According to a new study published in he American Journal of Clinical Nutritionpeople who enjoy breakfasts high in protein are less likely to consume foods high in fat or sugar later in the evening.
For the study, 20 overweight or obese women between ages 18 to 20 consumed a breakfast high in protein (35 grams) with eggs and lean beef, low in protein (13 grams) with cereal, or skipped the meal altogether for six days.
On day seven of the experiment, the participants were asked to fill out appetite and satiety questionnaires and also had blood samples drawn. The researchers also examined their brain activity with MRI brain scans.

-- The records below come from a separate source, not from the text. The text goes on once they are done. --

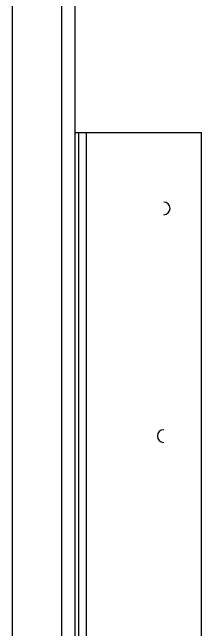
# Model space of a CAD drawing. Header units: millimetres. Extents: x -876 to 1110, y -521 to 521.
# Drawn here: x 135.7 to 210.5, y 103.5 to 347.5 of the extents above; entities that cross this region are included whole.
import ezdxf

# ---------------------------------------------------------------- set-up
doc = ezdxf.new("R2010")
doc.units = ezdxf.units.MM

msp = doc.modelspace()

# ---------------------------------------------------------------- linework, layer by layer
at = {"color": 7, "linetype": 'Continuous', "lineweight": 25}
for p, q in [((135.68, -485), (135.68, 485)), ((155.28, -485), (155.28, 485)), ((160.48, -485), (160.48, 485)), ((160.48, 300), (210.48, 300)), ((161.98, -300), (161.98, 300)), ((164.98, -300), (164.98, 300)), ((210.48, -300), (210.48, 300))]:
    msp.add_line(p, q, dxfattribs=at)
for centre, start, end in [((195.48, 270), 270, 90), ((195.48, 180), 90, 270)]:
    msp.add_arc(centre, 2.5, start, end, dxfattribs=at)

doc.saveas('drawing.dxf')
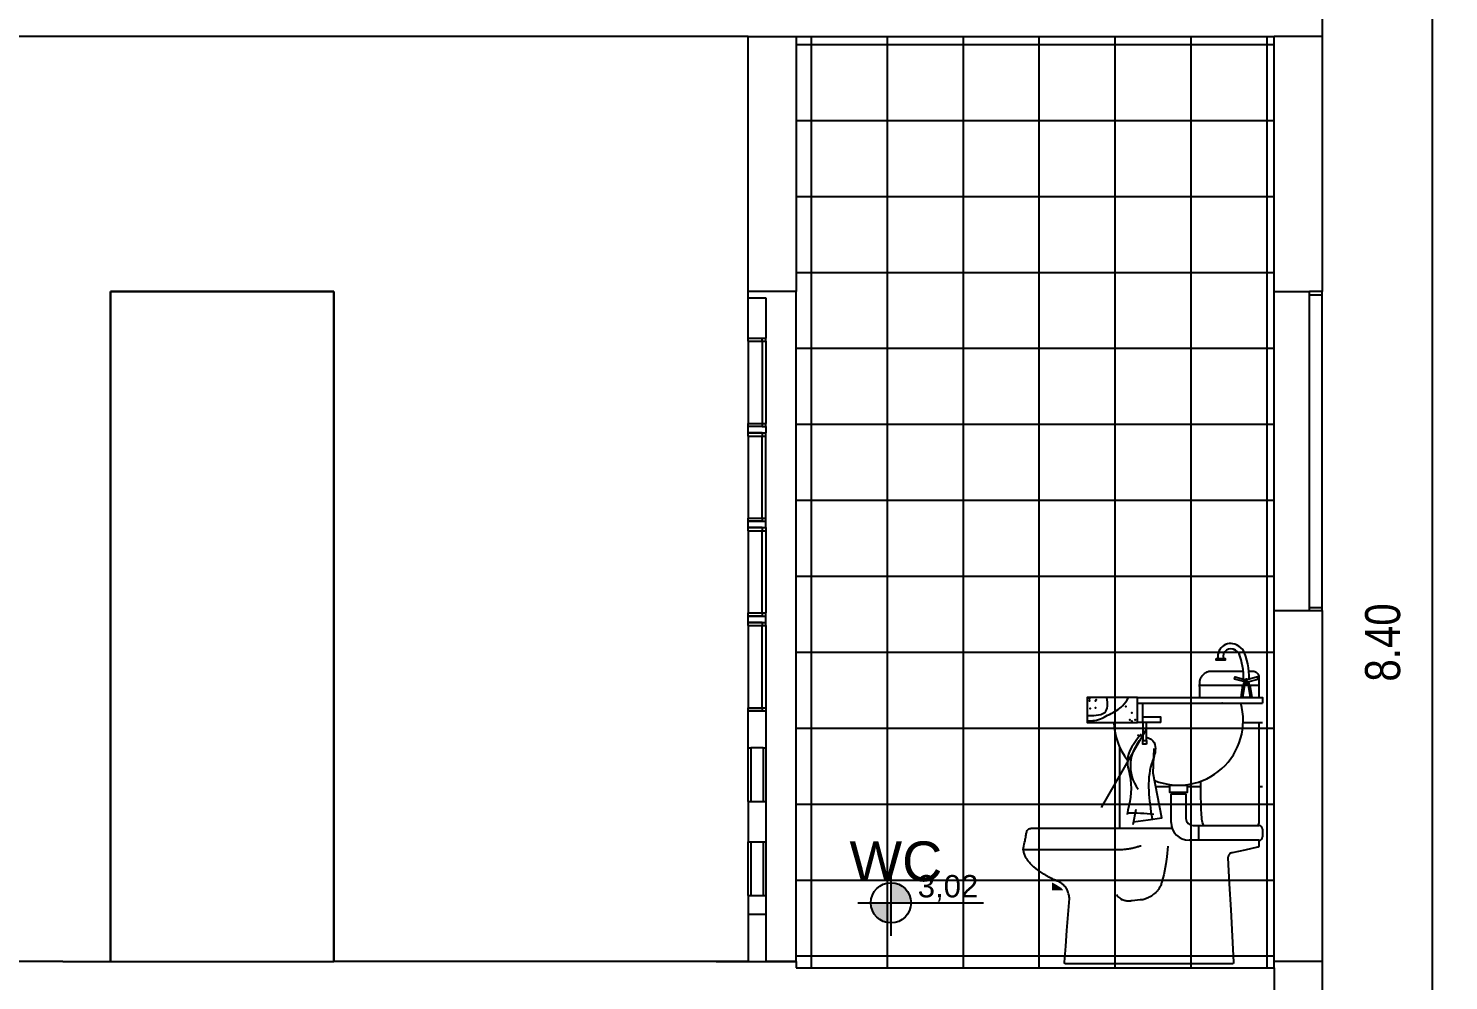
# Model space of a CAD drawing. Header units: millimetres. Extents: x 3212 to 6878, y 1640 to 3386.
# Drawn here: x 3302.982 to 3307.436, y 1658.681 to 1661.666 of the extents above; entities that cross this region are included whole.
import ezdxf

# ---------------------------------------------------------------- set-up
doc = ezdxf.new("R2010")
doc.units = ezdxf.units.MM
doc.header["$LTSCALE"] = 0.8
for name, color, linetype in [('A-PEN-08', 8, 'Continuous'), ('A-PEN-W', 7, 'Continuous'), ('A-PEN-Y', 2, 'Continuous'), ('COTA', 2, 'Continuous'), ('E-Pen-B', 5, 'Continuous'), ('NIVEIS', 1, 'Continuous'), ('SectionCutEdges', 7, 'Continuous')]:
    doc.layers.add(name, color=color, linetype=linetype)
doc.layers.add('A-TXT-G', color=3, linetype='Continuous', lineweight=30)
doc.layers.add('COTAS', color=53, linetype='Continuous', lineweight=9)
doc.styles.add('CARIMBO_DADOS', font='arial.ttf', dxfattribs={"height": 0.1})
doc.styles.add('F2', font='ARIALN.TTF')
doc.styles.add('T20', font='PORT2', dxfattribs={"height": 0.2})
doc.styles.add('TEXT', font='arial.ttf')
doc.dimstyles.new('ARQUITETURA', dxfattribs={"dimtxt": 0.11, "dimasz": 0.05, "dimexe": 0.1, "dimexo": 0, "dimgap": 0.1, "dimtad": 1, "dimzin": 5, "dimdsep": 46, "dimtxsty": 'F2', "dimblk": 'COTA', "dimcen": 0, "dimse1": 1, "dimse2": 1, "dimadec": 0, "dimazin": 0, "dimtfac": 2, "dimtix": 1, "dimtmove": 2, "dimatfit": 3, "dimldrblk": 'COTA', "dimfxl": 0, "dimtolj": 1, "dimtzin": 5, "dimarcsym": 0})

# ---------------------------------------------------------------- blocks, each defined once
blk = doc.blocks.new('cotas')
at = {"layer": 'A-PEN-Y'}
h = blk.add_hatch(color=256, dxfattribs=at)
h.paths.add_polyline_path([(0.135, 0, 0.414214), (0, 0.135), (0, 0)])
h.paths.add_polyline_path([(0, 0), (-0.135, 0, 0.414214), (0, -0.135)])
at = {"layer": 'A-PEN-W'}
for p, q in [((0, 0.2226), (0, -0.2226)), ((-0.2226, 0), (0.621, 0))]:
    blk.add_line(p, q, dxfattribs=at)
blk.add_circle((0, 0), 0.135, dxfattribs=at)
at = {"layer": 'A-PEN-W', "style": 'T20'}
blk.add_attdef('COTA', (0.1674, 0.0378), '', height=0.15, dxfattribs=at)
blk = doc.blocks.new('COTA')
at = {"layer": 'COTA'}
for p, q in [((0, 1), (0, -1)), ((-1, 0), (1, 0))]:
    blk.add_line(p, q, dxfattribs=at)
at = {"layer": 'COTA', "const_width": 0.5}
blk.add_lwpolyline([(-0.25, 0, 1), (0.25, 0, 1)], format="xyb", close=True, dxfattribs=at)
blk = doc.blocks.new('*D233')
at = {"layer": 'COTAS', "color": 0, "lineweight": -2, "transparency": 16777216}
blk.add_line((3307.3855, 1655.5909), (3307.3855, 1663.8906), dxfattribs=at)
at = {"layer": 'Defpoints', "color": 0, "transparency": 16777216}
for p in [(3307.0389, 1663.9406), (3307.3855, 1663.9406), (3306.585, 1655.5409)]:
    blk.add_point(p, dxfattribs=at)
at = {"layer": 'COTAS', "color": 0, "lineweight": -2, "transparency": 16777216, "xscale": 0.05, "yscale": 0.05, "zscale": 0.05}
for p, rotation in [((3307.3855, 1663.9406), 90), ((3307.3855, 1655.5409), 270)]:
    blk.add_blockref('COTA', p, dxfattribs=dict(at, rotation=rotation))
at = {"layer": 'COTAS', "color": 0, "transparency": 16777216, "insert": (3307.2293, 1659.7407), "char_height": 0.11, "attachment_point": 5, "rotation": 90, "style": 'F2'}
blk.add_mtext('\\A1;8.40', dxfattribs=at)
blk = doc.blocks.new('A$C387B19CA')
for p, q in [((0.6153, 0.7807), (0.6103, 0.7457)), ((0.6167, 0.7807), (0.6117, 0.7457)), ((0.6193, 0.7807), (0.6143, 0.7457)), ((0.6285, 0.7904), (0.6213, 0.7904)), ((0.6303, 0.7807), (0.6353, 0.7457)), ((0.6329, 0.7807), (0.6379, 0.7457)), ((0.6343, 0.7807), (0.6393, 0.7457)), ((0.3202, 0.7307), (0.6702, 0.7307)), ((0.3352, 0.6757), (0.3352, 0.7307)), ((0.3435, 0.6559), (0.2178, 0.4381)), ((0.6158, 0.6757), (0.6702, 0.6757)), ((0.2702, 0.38), (0.2702, 0.6065)), ((0.4104, 0.4958), (0.3711, 0.4958)), ((0.4983, 0.4958), (0.4593, 0.4958)), ((0.4702, 0.3876), (0.4702, 0.5042)), ((0.6702, 0.4958), (0.66, 0.4958)), ((0.4142, 0.4768), (0.4555, 0.4768)), ((0.4142, 0.3963), (0.4142, 0.4768)), ((0.4555, 0.4768), (0.4555, 0.4076)), ((0.3149, 0.4323), (0.3064, 0.3897)), ((0.4755, 0.3876), (0.6602, 0.3876)), ((0.4903, 0.3876), (0.4903, 0.3463)), ((0.6702, 0.3776), (0.6702, 0.3563)), ((0.6602, 0.3463), (0.4642, 0.3463))]:
    blk.add_line(p, q)
for points in [[(0.5404, 0.8557), (0.5654, 0.8557), (0.5654, 0.8507), (0.5404, 0.8507)], [(0.6268, 0.7972), (0.6232, 0.7972), (0.6232, 0.796), (0.6268, 0.796)], [(0.6399, 0.7457), (0.6099, 0.7457), (0.6149, 0.7807), (0.6349, 0.7807)], [(0.632, 0.7825), (0.6174, 0.7825), (0.6174, 0.7875), (0.632, 0.7875)], [(0.3452, 0.6757), (0.3352, 0.6757), (0.3352, 0.6257), (0.3452, 0.6257)], [(0.3452, 0.6158), (0.3352, 0.6158), (0.3352, 0.6257), (0.3452, 0.6257)], [(0.4104, 0.5007), (0.4593, 0.5007), (0.4593, 0.4802), (0.4104, 0.4802)]]:
    blk.add_lwpolyline(points, close=True)
for points in [[(0.4943, 0.7457, -0.000284), (0.494, 0.781, -0.000001), (0.494, 0.7823), (0.494, 0.7823, -0.00842), (0.494, 0.7823, -0.000045), (0.4941, 0.7835, -0.002023), (0.4946, 0.7898, -0.002456), (0.495, 0.795, -0.093603), (0.496, 0.7985, -0.044244), (0.5, 0.805, -0.036238), (0.505, 0.8108, -0.042651), (0.51, 0.815, -0.018621), (0.5132, 0.8171, -0.035465), (0.515, 0.818, -0.050348), (0.5199, 0.8195, -0.049389), (0.525, 0.82), (0.5574, 0.82), (0.5835, 0.82), (0.616, 0.82)], [(0.6317, 0.82), (0.642, 0.82, -0.198912), (0.6548, 0.8147, -0.198912), (0.66, 0.802), (0.66, 0.7457)], [(0.66, 0.6757), (0.66, 0.398, -0.155598), (0.6567, 0.3876)], [(0.5004, 0.405, -0.01696), (0.4978, 0.4552, -0.000454), (0.4969, 0.5117, -0.000454)], [(0.5053, 0.3876, -0.094446), (0.5004, 0.405)], [(0.6561, 0.3267), (0.6206, 0.3191), (0.585, 0.3115, 0.027899), (0.5832, 0.311, 0.018264), (0.5805, 0.31, 0.10894), (0.5776, 0.3079, 0.082013), (0.575, 0.304, 0.013965), (0.5739, 0.3013, 0.028909), (0.5735, 0.3, 0.011443), (0.5731, 0.2979, 0.062864), (0.573, 0.2975), (0.577, 0.2244), (0.5809, 0.1514), (0.5848, 0.0783), (0.5887, 0.0053, -0.205904), (0.5874, 0.0016, -0.205904), (0.5838, 0), (0.4679, 0), (0.3521, 0), (0.2363, 0), (0.1204, 0, -0.208853), (0.1168, 0.0016, -0.208853), (0.1154, 0.0054), (0.1188, 0.0498), (0.1222, 0.0942), (0.1256, 0.1386), (0.129, 0.183, 0.036932), (0.129, 0.1853, 0.018479), (0.1285, 0.19, 0.024946), (0.1279, 0.1933, 0.012299), (0.126, 0.2, 0.021587), (0.1242, 0.2054, 0.024048), (0.122, 0.21, 0.049556), (0.1188, 0.215, 0.042979), (0.114, 0.22, 0.015801), (0.1089, 0.2243, 0.022353), (0.105, 0.227, 0.007807), (0.1013, 0.2293, 0.02443), (0.1, 0.23, 0.030091), (0.0976, 0.231, -0.028107), (0.095, 0.232, -0.013367), (0.0904, 0.2343, 0.0114), (0.085, 0.237, 0.012062), (0.0791, 0.2396, -0.017321), (0.075, 0.2415, -0.009788), (0.0716, 0.2433, -0.004949), (0.065, 0.247, -0.004446), (0.057, 0.2517, -0.017578), (0.055, 0.253), (0.045, 0.26), (0.035, 0.267, -0.023446), (0.0313, 0.2699, -0.013276), (0.025, 0.2755, -0.018849), (0.0191, 0.2815, -0.024918), (0.015, 0.2865, -0.004479), (0.0137, 0.2884, -0.005376), (0.0125, 0.29, -0.014583), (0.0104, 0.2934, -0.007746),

The researchers found that the participants who had eaten breakfast felt fuller later on than those who had skipped breakfast. The consumption of breakfast also resulted in reduction in brain activity responsible for the control of food cravings. Eating a high-protein breakfast also impacted snacking on high-fat or high-sugar foods in the evening, compared with skipping breakfast or eating cereal.
"Eating a protein-rich breakfast impacts the drive to eat later in the day, when people are more likely to consume high-fat or high-sugar snacks," study researcher Heather Leidy, assistant professor in the Department of Nutrition and Exercise Physiology at the University of Missouri, said in a statement. "These data suggest that eating a protein-rich breakfast is one potential strategy to prevent overeating and improve diet quality by replacing unhealthy snacks with high quality breakfast foods."
The findings are important, as mindful eating strategies emerge as useful tools for combating overweight and obesity.